Singapour a confirmé la mise en place d’un prélèvement fixe sur les billets d’avion pour financer l’achat centralisé de carburant aviation durable, ou Sustainable Aviation Fuel (SAF), pour la période allant de 2026 à 2028. Cette annonce intervient alors que l’instabilité des prix du SAF représente un enjeu croissant pour les compagnies aériennes, confrontées à des variations importantes des coûts liés à ce carburant alternatif. Le prélèvement, qui sera intégré directement au prix des billets, ne fluctuera pas, même si les prix mondiaux du SAF connaissent de fortes hausses ou baisses. Les recettes issues de ce prélèvement seront entièrement consacrées à l’acquisition de SAF, centralisée par l’Autorité de l’aviation civile de Singapour (Civil Aviation Authority of Singapore – CAAS).
Une tarification différenciée selon les vols et classes de voyage
La CAAS a précisé que le montant du prélèvement dépendra directement de la distance parcourue et de la classe de réservation choisie par les passagers. Ainsi, les premières estimations indiquent qu’un passager en classe économique paiera un supplément d’environ 3 dollars singapouriens (2,36 USD) pour un vol vers Bangkok, 6 dollars singapouriens vers Tokyo et jusqu’à 16 dollars singapouriens vers Londres. Les passagers des classes supérieures devront quant à eux payer un montant supérieur, reflétant la différence habituelle de tarifs pratiquée par les compagnies aériennes pour les services premium. Ce modèle fixe permet ainsi d’offrir une visibilité tarifaire précise aux voyageurs comme aux compagnies aériennes.
Un objectif flexible face aux variations du marché
Le modèle choisi par Singapour se distingue nettement des obligations strictes de mélange (hard blending mandates) observées en Europe ou aux États-Unis.

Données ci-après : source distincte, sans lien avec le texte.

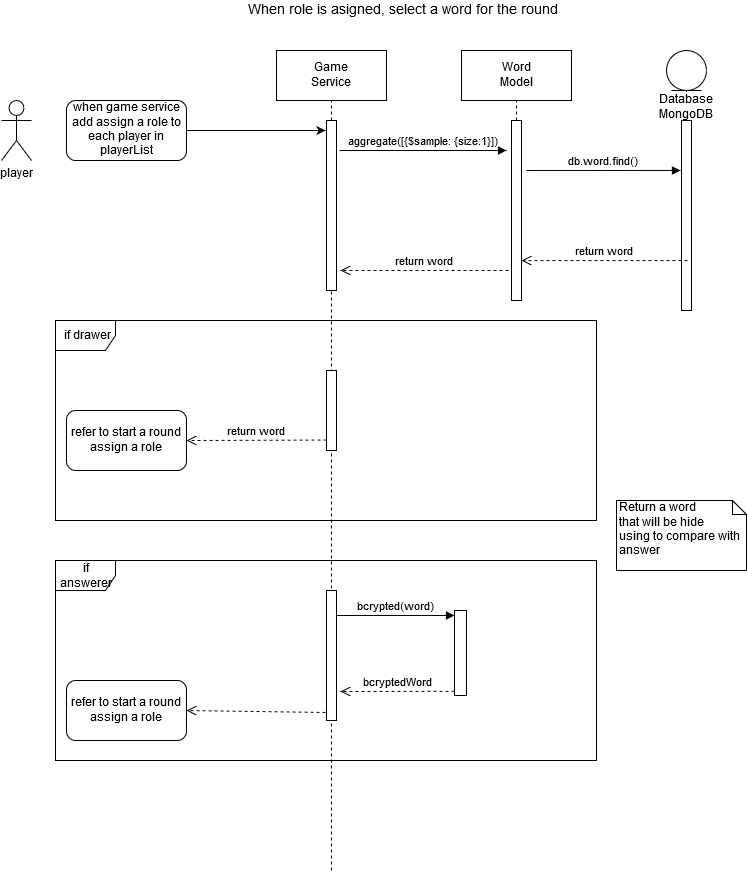

The diagram above was exported from draw.io. Its source (the exported page's mxGraphModel, read from the mxfile embedded in the PNG):
<mxGraphModel dx="1422" dy="-378" grid="1" gridSize="10" guides="1" tooltips="1" connect="1" arrows="1" fold="1" page="1" pageScale="1" pageWidth="827" pageHeight="1169" math="0" shadow="0">
  <root>
    <mxCell id="0" />
    <mxCell id="1" parent="0" />
    <mxCell id="M0OeXYY2mlc6HOa7VJr6-58" value="if drawer" style="shape=umlFrame;whiteSpace=wrap;html=1;" vertex="1" parent="1">
      <mxGeometry x="104" y="1510" width="541" height="200" as="geometry" />
    </mxCell>
    <mxCell id="M0OeXYY2mlc6HOa7VJr6-20" value="Return a word&lt;br&gt;that will be hide&lt;br&gt;using to compare with answer" style="shape=note;whiteSpace=wrap;html=1;size=14;verticalAlign=top;align=left;spacingTop=-6;" vertex="1" parent="1">
      <mxGeometry x="665" y="1690" width="130" height="70" as="geometry" />
    </mxCell>
    <mxCell id="M0OeXYY2mlc6HOa7VJr6-36" value="player" style="shape=umlActor;verticalLabelPosition=bottom;labelBackgroundColor=#ffffff;verticalAlign=top;html=1;" vertex="1" parent="1">
      <mxGeometry x="50" y="1290" width="30" height="60" as="geometry" />
    </mxCell>
    <mxCell id="M0OeXYY2mlc6HOa7VJr6-37" value="&lt;div&gt;Game&lt;/div&gt;&lt;div&gt;Service&lt;br&gt;&lt;/div&gt;" style="html=1;" vertex="1" parent="1">
      <mxGeometry x="325" y="1240" width="110" height="50" as="geometry" />
    </mxCell>
    <mxCell id="M0OeXYY2mlc6HOa7VJr6-38" value="&lt;div&gt;Word&lt;/div&gt;&lt;div&gt;Model&lt;br&gt;&lt;/div&gt;" style="html=1;" vertex="1" parent="1">
      <mxGeometry x="510" y="1240" width="110" height="50" as="geometry" />
    </mxCell>
    <mxCell id="M0OeXYY2mlc6HOa7VJr6-39" value="Database&lt;br&gt;MongoDB" style="shape=umlLifeline;participant=umlEntity;perimeter=lifelinePerimeter;whiteSpace=wrap;html=1;container=1;collapsible=0;recursiveResize=0;verticalAlign=top;spacingTop=36;labelBackgroundColor=#ffffff;outlineConnect=0;" vertex="1" parent="1">
      <mxGeometry x="715" y="1240" width="40" height="260" as="geometry" />
    </mxCell>
    <mxCell id="M0OeXYY2mlc6HOa7VJr6-51" value="" style="html=1;points=[];perimeter=orthogonalPerimeter;" vertex="1" parent="M0OeXYY2mlc6HOa7VJr6-39">
      <mxGeometry x="15" y="70" width="10" height="190" as="geometry" />
    </mxCell>
    <mxCell id="M0OeXYY2mlc6HOa7VJr6-71" style="edgeStyle=orthogonalEdgeStyle;rounded=0;orthogonalLoop=1;jettySize=auto;html=1;entryX=-0.1;entryY=0.059;entryDx=0;entryDy=0;entryPerimeter=0;" edge="1" parent="1" source="M0OeXYY2mlc6HOa7VJr6-40" target="M0OeXYY2mlc6HOa7VJr6-45">
      <mxGeometry relative="1" as="geometry" />
    </mxCell>
    <mxCell id="M0OeXYY2mlc6HOa7VJr6-40" value="when game service add assign a role to each player in playerList" style="rounded=1;whiteSpace=wrap;html=1;" vertex="1" parent="1">
      <mxGeometry x="115" y="1290" width="120" height="60" as="geometry" />
    </mxCell>
    <mxCell id="M0OeXYY2mlc6HOa7VJr6-42" value="" style="endArrow=none;dashed=1;html=1;entryX=0.5;entryY=1;entryDx=0;entryDy=0;" edge="1" parent="1" source="M0OeXYY2mlc6HOa7VJr6-45" target="M0OeXYY2mlc6HOa7VJr6-37">
      <mxGeometry width="50" height="50" relative="1" as="geometry">
        <mxPoint x="380" y="1540" as="sourcePoint" />
        <mxPoint x="405" y="1290" as="targetPoint" />
      </mxGeometry>
    </mxCell>
    <mxCell id="M0OeXYY2mlc6HOa7VJr6-43" value="" style="endArrow=none;dashed=1;html=1;entryX=0.5;entryY=1;entryDx=0;entryDy=0;" edge="1" parent="1" source="M0OeXYY2mlc6HOa7VJr6-47" target="M0OeXYY2mlc6HOa7VJr6-38">
      <mxGeometry width="50" height="50" relative="1" as="geometry">
        <mxPoint x="565" y="1530" as="sourcePoint" />
        <mxPoint x="390" y="1300" as="targetPoint" />
      </mxGeometry>
    </mxCell>
    <mxCell id="M0OeXYY2mlc6HOa7VJr6-44" value="refer to start a round assign a role" style="rounded=1;whiteSpace=wrap;html=1;" vertex="1" parent="1">
      <mxGeometry x="115" y="1600" width="120" height="60" as="geometry" />
    </mxCell>
    <mxCell id="M0OeXYY2mlc6HOa7VJr6-45" value="" style="html=1;points=[];perimeter=orthogonalPerimeter;" vertex="1" parent="1">
      <mxGeometry x="375" y="1310" width="10" height="170" as="geometry" />
    </mxCell>
    <mxCell id="M0OeXYY2mlc6HOa7VJr6-46" value="" style="endArrow=none;dashed=1;html=1;entryX=0.5;entryY=1;entryDx=0;entryDy=0;" edge="1" parent="1" target="M0OeXYY2mlc6HOa7VJr6-45">
      <mxGeometry width="50" height="50" relative="1" as="geometry">
        <mxPoint x="380" y="2060" as="sourcePoint" />
        <mxPoint x="380" y="1290" as="targetPoint" />
      </mxGeometry>
    </mxCell>
    <mxCell id="M0OeXYY2mlc6HOa7VJr6-47" value="" style="html=1;points=[];perimeter=orthogonalPerimeter;" vertex="1" parent="1">
      <mxGeometry x="560" y="1310" width="10" height="180" as="geometry" />
    </mxCell>
    <mxCell id="M0OeXYY2mlc6HOa7VJr6-48" value="" style="endArrow=none;dashed=1;html=1;entryX=0.5;entryY=1;entryDx=0;entryDy=0;" edge="1" parent="1" target="M0OeXYY2mlc6HOa7VJr6-47">
      <mxGeometry width="50" height="50" relative="1" as="geometry">
        <mxPoint x="565" y="1490" as="sourcePoint" />
        <mxPoint x="565" y="1290" as="targetPoint" />
      </mxGeometry>
    </mxCell>
    <mxCell id="M0OeXYY2mlc6HOa7VJr6-53" value="aggregate([{$sample: {size:1}])" style="html=1;verticalAlign=bottom;endArrow=block;" edge="1" parent="1">
      <mxGeometry width="80" relative="1" as="geometry">
        <mxPoint x="388" y="1340" as="sourcePoint" />
        <mxPoint x="555" y="1340" as="targetPoint" />
      </mxGeometry>
    </mxCell>
    <mxCell id="M0OeXYY2mlc6HOa7VJr6-54" value="db.word.find()" style="html=1;verticalAlign=bottom;endArrow=block;entryX=-0.1;entryY=0.263;entryDx=0;entryDy=0;entryPerimeter=0;" edge="1" parent="1" target="M0OeXYY2mlc6HOa7VJr6-51">
      <mxGeometry width="80" relative="1" as="geometry">
        <mxPoint x="575" y="1360" as="sourcePoint" />
        <mxPoint x="675" y="1360" as="targetPoint" />
      </mxGeometry>
    </mxCell>
    <mxCell id="M0OeXYY2mlc6HOa7VJr6-55" value="return word" style="html=1;verticalAlign=bottom;endArrow=open;dashed=1;endSize=8;exitX=0.5;exitY=0.737;exitDx=0;exitDy=0;exitPerimeter=0;entryX=0.9;entryY=0.667;entryDx=0;entryDy=0;entryPerimeter=0;" edge="1" parent="1">
      <mxGeometry relative="1" as="geometry">
        <mxPoint x="736" y="1450.0300000000002" as="sourcePoint" />
        <mxPoint x="570" y="1450.0700000000002" as="targetPoint" />
      </mxGeometry>
    </mxCell>
    <mxCell id="M0OeXYY2mlc6HOa7VJr6-56" value="return word" style="html=1;verticalAlign=bottom;endArrow=open;dashed=1;endSize=8;entryX=1.4;entryY=0.882;entryDx=0;entryDy=0;entryPerimeter=0;" edge="1" parent="1" target="M0OeXYY2mlc6HOa7VJr6-45">
      <mxGeometry relative="1" as="geometry">
        <mxPoint x="557" y="1460" as="sourcePoint" />
        <mxPoint x="435" y="1480" as="targetPoint" />
      </mxGeometry>
    </mxCell>
    <mxCell id="M0OeXYY2mlc6HOa7VJr6-59" value="if answerer" style="shape=umlFrame;whiteSpace=wrap;html=1;" vertex="1" parent="1">
      <mxGeometry x="104" y="1750" width="541" height="200" as="geometry" />
    </mxCell>
    <mxCell id="M0OeXYY2mlc6HOa7VJr6-62" value="refer to start a round assign a role" style="rounded=1;whiteSpace=wrap;html=1;" vertex="1" parent="1">
      <mxGeometry x="115" y="1870" width="120" height="60" as="geometry" />
    </mxCell>
    <mxCell id="M0OeXYY2mlc6HOa7VJr6-63" value="" style="html=1;points=[];perimeter=orthogonalPerimeter;" vertex="1" parent="1">
      <mxGeometry x="503" y="1800" width="12" height="85" as="geometry" />
    </mxCell>
    <mxCell id="M0OeXYY2mlc6HOa7VJr6-64" value="bcrypted(word)" style="html=1;verticalAlign=bottom;endArrow=block;" edge="1" parent="1" source="M0OeXYY2mlc6HOa7VJr6-66">
      <mxGeometry relative="1" as="geometry">
        <mxPoint x="383" y="1808" as="sourcePoint" />
        <mxPoint x="503" y="1805" as="targetPoint" />
      </mxGeometry>
    </mxCell>
    <mxCell id="M0OeXYY2mlc6HOa7VJr6-65" value="bcryptedWord" style="html=1;verticalAlign=bottom;endArrow=open;dashed=1;endSize=8;exitX=0;exitY=0.95;entryX=1.4;entryY=0.777;entryDx=0;entryDy=0;entryPerimeter=0;" edge="1" source="M0OeXYY2mlc6HOa7VJr6-63" parent="1" target="M0OeXYY2mlc6HOa7VJr6-66">
      <mxGeometry relative="1" as="geometry">
        <mxPoint x="383" y="1884" as="targetPoint" />
      </mxGeometry>
    </mxCell>
    <mxCell id="M0OeXYY2mlc6HOa7VJr6-66" value="" style="html=1;points=[];perimeter=orthogonalPerimeter;" vertex="1" parent="1">
      <mxGeometry x="375" y="1780" width="10" height="130" as="geometry" />
    </mxCell>
    <mxCell id="M0OeXYY2mlc6HOa7VJr6-67" value="" style="html=1;verticalAlign=bottom;endArrow=open;dashed=1;endSize=8;entryX=1;entryY=0.5;entryDx=0;entryDy=0;exitX=-0.1;exitY=0.938;exitDx=0;exitDy=0;exitPerimeter=0;" edge="1" parent="1" source="M0OeXYY2mlc6HOa7VJr6-66" target="M0OeXYY2mlc6HOa7VJr6-62">
      <mxGeometry relative="1" as="geometry">
        <mxPoint x="365" y="1900" as="sourcePoint" />
        <mxPoint x="285" y="1900" as="targetPoint" />
      </mxGeometry>
    </mxCell>
    <mxCell id="M0OeXYY2mlc6HOa7VJr6-68" value="" style="html=1;points=[];perimeter=orthogonalPerimeter;" vertex="1" parent="1">
      <mxGeometry x="375" y="1560" width="10" height="80" as="geometry" />
    </mxCell>
    <mxCell id="M0OeXYY2mlc6HOa7VJr6-69" value="return word" style="html=1;verticalAlign=bottom;endArrow=open;dashed=1;endSize=8;entryX=1;entryY=0.5;entryDx=0;entryDy=0;" edge="1" parent="1" target="M0OeXYY2mlc6HOa7VJr6-44">
      <mxGeometry relative="1" as="geometry">
        <mxPoint x="375" y="1629.5" as="sourcePoint" />
        <mxPoint x="295" y="1629.5" as="targetPoint" />
      </mxGeometry>
    </mxCell>
    <mxCell id="M0OeXYY2mlc6HOa7VJr6-70" value="&lt;font style=&quot;font-size: 14px&quot;&gt;When role is asigned, select a word for the round &lt;/font&gt;" style="text;html=1;resizable=0;points=[];autosize=1;align=left;verticalAlign=top;spacingTop=-4;" vertex="1" parent="1">
      <mxGeometry x="295" y="1190" width="330" height="20" as="geometry" />
    </mxCell>
  </root>
</mxGraphModel>

Il repose sur un principe d’objectif mouvant, ou « moving target », où le pourcentage effectif de SAF acheté peut varier selon les prix réels du marché. En pratique, si les prix du SAF sont inférieurs aux projections initiales, la quantité acquise sera plus élevée, et inversement. Le prélèvement payé par les passagers reste cependant inchangé, quelle que soit l’évolution des prix, ce qui assure une certaine stabilité financière aux compagnies aériennes et aux voyageurs.
Développement régional et collaborations internationales
Au-delà de la mise en place de ce prélèvement, Singapour souhaite développer sa capacité d’approvisionnement régional en SAF. Le pays participe actuellement à des études sur les matières premières nécessaires à la production de SAF, en collaboration notamment avec Boeing et la Roundtable on Sustainable Biomaterials (RSB). Ces initiatives visent à identifier des sources viables de production dans la région, tout en respectant les critères de durabilité du Carbon Offsetting and Reduction Scheme for International Aviation (CORSIA). Des discussions sont également en cours avec des producteurs de matières premières issues notamment des secteurs de l’huile de palme et des déchets industriels.
Le gouvernement singapourien a également établi plusieurs partenariats internationaux en matière d’aviation durable avec les États-Unis, l’Australie, le Japon et le Royaume-Uni. Au niveau régional, Singapour a initié le plan d’action ASEAN Sustainable Aviation Action Plan (ASAAP), destiné à guider les efforts de l’Asie du Sud-Est en matière de modernisation du trafic aérien et de décarbonation. Un budget de 50 millions de dollars singapouriens a également été alloué par l’État pour financer des projets d’innovation technologique dans l’aviation, coordonnés par le Aviation Sustainability Programme (ASP). Par ailleurs, la création du Centre international pour l’innovation aéronautique (International Centre for Aviation Innovation – ICAI) doit renforcer la recherche et les politiques publiques autour des carburants alternatifs et des pratiques durables au sein de la région.
Singapour a par ailleurs renforcé ses capacités locales de production de SAF. La société Neste a récemment porté sa capacité annuelle à Singapour à 1,25 milliard de litres, faisant de l’État l’un des principaux centres mondiaux de production de SAF. Néanmoins, ce volume reste largement insuffisant face à la demande mondiale estimée, selon les prévisions de l’Association du transport aérien international (International Air Transport Association – IATA), à 450 milliards de litres par an à horizon 2050.